There are a few exceptions to this rule for those deemed to be eligible designated beneficiaries. These beneficiaries may still be able to use a stretch IRA and are not subject to the 10-year rule.

Never one to make things easy, the IRS has proposed regulations (from February 2022) that added a second requirement for beneficiaries who inherit IRAs from those who died after reaching their required beginning date, or RBD, for taking required minimum distributions. So that you know, the RBD date is generally April 1 of the year after the year the IRA owner turns 73. The IRS said this group of beneficiaries also must take annual RMDs for years one through nine of the 10-year rule term.

This additional provision has been controversial and confusing. Recognizing this issue, the IRS, for the fourth year in a row, has waived those RMDs by saying there will be no IRS penalty for failing to take them. Remember that not taking RMDs could mean larger ones in the future, which could increase your overall tax burden on your inheritance.

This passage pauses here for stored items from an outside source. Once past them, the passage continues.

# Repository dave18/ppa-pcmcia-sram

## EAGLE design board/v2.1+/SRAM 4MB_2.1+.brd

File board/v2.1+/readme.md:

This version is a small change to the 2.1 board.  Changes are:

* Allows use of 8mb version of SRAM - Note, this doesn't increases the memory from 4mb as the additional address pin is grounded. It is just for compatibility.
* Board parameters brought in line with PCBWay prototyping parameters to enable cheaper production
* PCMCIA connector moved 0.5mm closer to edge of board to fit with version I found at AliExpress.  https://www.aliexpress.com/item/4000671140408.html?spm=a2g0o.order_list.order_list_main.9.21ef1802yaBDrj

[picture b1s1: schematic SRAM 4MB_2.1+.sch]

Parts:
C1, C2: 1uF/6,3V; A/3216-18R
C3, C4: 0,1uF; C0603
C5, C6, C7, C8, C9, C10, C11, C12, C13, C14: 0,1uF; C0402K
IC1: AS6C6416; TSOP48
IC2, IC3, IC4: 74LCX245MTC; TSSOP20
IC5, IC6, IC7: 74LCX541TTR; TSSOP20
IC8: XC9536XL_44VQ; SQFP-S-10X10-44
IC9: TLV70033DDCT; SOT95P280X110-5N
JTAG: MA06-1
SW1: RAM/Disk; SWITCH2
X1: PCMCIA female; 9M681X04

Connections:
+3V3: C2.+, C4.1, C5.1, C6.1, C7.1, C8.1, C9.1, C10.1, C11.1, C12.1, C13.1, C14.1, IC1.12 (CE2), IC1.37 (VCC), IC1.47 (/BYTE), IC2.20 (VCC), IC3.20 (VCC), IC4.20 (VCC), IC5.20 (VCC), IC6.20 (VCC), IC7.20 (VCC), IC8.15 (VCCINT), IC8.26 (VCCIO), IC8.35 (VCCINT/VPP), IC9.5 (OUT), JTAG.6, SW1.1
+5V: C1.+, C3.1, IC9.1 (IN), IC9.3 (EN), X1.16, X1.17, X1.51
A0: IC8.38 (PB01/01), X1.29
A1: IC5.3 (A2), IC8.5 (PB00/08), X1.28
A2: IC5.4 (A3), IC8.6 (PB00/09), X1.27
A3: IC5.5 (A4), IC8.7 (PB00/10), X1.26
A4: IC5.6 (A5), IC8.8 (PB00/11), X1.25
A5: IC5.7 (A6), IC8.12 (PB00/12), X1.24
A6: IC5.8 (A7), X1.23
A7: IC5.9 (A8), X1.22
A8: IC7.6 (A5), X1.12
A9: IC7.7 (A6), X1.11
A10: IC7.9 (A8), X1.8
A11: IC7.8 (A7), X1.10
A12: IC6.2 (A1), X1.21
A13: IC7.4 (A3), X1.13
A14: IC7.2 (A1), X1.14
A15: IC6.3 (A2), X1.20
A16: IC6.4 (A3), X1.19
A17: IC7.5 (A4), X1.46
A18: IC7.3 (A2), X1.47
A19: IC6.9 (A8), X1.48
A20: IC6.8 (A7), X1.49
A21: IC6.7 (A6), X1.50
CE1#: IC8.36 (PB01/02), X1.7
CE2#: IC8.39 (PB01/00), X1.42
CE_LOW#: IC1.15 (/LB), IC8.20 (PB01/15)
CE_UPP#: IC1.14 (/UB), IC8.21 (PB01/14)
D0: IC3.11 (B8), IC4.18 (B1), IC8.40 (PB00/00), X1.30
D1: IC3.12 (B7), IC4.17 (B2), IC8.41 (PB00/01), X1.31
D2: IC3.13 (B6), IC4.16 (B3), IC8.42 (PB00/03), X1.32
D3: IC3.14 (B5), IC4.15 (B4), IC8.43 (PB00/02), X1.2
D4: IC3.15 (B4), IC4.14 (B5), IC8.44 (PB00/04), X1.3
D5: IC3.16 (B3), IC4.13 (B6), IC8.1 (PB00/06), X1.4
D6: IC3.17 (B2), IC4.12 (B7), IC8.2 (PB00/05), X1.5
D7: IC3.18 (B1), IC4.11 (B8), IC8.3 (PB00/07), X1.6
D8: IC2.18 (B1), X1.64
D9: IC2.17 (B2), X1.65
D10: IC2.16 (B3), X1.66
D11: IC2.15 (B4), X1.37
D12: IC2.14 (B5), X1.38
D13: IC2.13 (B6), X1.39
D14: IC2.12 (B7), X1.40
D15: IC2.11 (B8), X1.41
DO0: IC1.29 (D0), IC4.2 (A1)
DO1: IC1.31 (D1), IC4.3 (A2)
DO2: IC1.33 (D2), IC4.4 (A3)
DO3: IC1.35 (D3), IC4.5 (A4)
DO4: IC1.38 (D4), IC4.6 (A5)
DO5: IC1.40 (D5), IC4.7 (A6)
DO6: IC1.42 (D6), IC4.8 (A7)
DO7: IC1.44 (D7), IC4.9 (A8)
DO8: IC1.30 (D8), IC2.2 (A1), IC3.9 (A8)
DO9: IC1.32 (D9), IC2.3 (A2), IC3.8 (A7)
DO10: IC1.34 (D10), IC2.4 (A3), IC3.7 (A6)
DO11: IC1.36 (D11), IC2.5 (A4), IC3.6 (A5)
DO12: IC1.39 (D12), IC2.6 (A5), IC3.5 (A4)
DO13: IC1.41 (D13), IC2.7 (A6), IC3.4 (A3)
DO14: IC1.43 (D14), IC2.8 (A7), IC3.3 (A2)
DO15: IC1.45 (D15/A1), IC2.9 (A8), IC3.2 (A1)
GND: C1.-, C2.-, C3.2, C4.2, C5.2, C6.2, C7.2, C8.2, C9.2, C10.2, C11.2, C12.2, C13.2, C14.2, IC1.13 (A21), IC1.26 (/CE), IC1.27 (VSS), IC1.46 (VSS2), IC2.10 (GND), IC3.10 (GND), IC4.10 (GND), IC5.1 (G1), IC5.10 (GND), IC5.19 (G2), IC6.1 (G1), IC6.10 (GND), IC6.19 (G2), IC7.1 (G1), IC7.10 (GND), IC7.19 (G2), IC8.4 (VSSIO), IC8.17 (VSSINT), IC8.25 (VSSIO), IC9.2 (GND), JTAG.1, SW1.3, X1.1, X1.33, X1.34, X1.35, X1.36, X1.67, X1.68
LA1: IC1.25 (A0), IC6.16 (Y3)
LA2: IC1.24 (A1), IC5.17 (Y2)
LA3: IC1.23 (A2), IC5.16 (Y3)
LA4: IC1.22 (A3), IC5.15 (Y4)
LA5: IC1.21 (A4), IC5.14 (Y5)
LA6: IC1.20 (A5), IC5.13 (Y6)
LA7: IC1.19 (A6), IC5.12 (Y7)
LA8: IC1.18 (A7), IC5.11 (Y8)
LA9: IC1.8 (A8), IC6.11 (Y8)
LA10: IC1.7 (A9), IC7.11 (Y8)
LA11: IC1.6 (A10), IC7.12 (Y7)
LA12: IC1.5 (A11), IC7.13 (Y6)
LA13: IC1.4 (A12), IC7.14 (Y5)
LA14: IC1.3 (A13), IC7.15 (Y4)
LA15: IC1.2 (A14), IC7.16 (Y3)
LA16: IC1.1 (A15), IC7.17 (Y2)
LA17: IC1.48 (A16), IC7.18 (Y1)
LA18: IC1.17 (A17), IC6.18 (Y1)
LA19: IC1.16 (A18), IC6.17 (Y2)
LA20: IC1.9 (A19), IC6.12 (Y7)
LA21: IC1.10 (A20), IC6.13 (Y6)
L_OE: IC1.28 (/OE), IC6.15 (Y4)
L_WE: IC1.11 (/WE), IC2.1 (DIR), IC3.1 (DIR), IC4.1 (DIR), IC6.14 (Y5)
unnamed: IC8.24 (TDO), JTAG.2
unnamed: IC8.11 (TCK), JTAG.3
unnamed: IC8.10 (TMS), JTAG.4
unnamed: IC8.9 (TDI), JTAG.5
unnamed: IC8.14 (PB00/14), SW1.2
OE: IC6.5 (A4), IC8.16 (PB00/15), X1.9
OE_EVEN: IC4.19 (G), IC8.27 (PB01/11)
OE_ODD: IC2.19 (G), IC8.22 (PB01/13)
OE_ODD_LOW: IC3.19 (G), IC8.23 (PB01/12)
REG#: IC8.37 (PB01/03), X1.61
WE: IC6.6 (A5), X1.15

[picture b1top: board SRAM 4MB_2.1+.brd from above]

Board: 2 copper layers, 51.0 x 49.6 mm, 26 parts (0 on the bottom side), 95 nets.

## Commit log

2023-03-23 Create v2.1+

10-year rule for inherited Roth IRAs

Notice 2024-35 will not apply to your account if you have an Inherited Roth IRA. Under the 10-year rule, Inherited Roth IRAs are not subject to RMDs in years one through nine, regardless of the deceased's age. If you don't need the money, you might want to leave the funds in your Roth IRA for as long as possible for as much of the 10-year period. Your account will grow tax-free and can be withdrawn tax-free in the future.

The exception here would be if you still need to max out your Roth workplace retirement plan and Roth IRA each year. It could be wise to pull enough from your Inherited Roth IRA to be able to afford increasing your contributions to make the maximum contribution each year to these accounts.

Skipping RMDs may not be a great long-term tax plan

The bigger your Inherited IRA, the bigger the future tax issues you may face. It's a good problem to have, but still. Depending on your overall household income and the size of the Inherited IRA, you may still want to withdraw from your Inherited IRA this year, even if it is not technically required.

In most cases, spreading out the withdrawals from your Inherited IRA over 10 years will push less of your income into higher brackets than if you pulled it out over six years or one year. Of course, consider your financial situation and estimated future income. If you are about to retire during the 10-year rule, you may be OK with larger withdrawals once you aren’t earning an income working or you are moving to a lower-tax state soon and could put off withdrawals.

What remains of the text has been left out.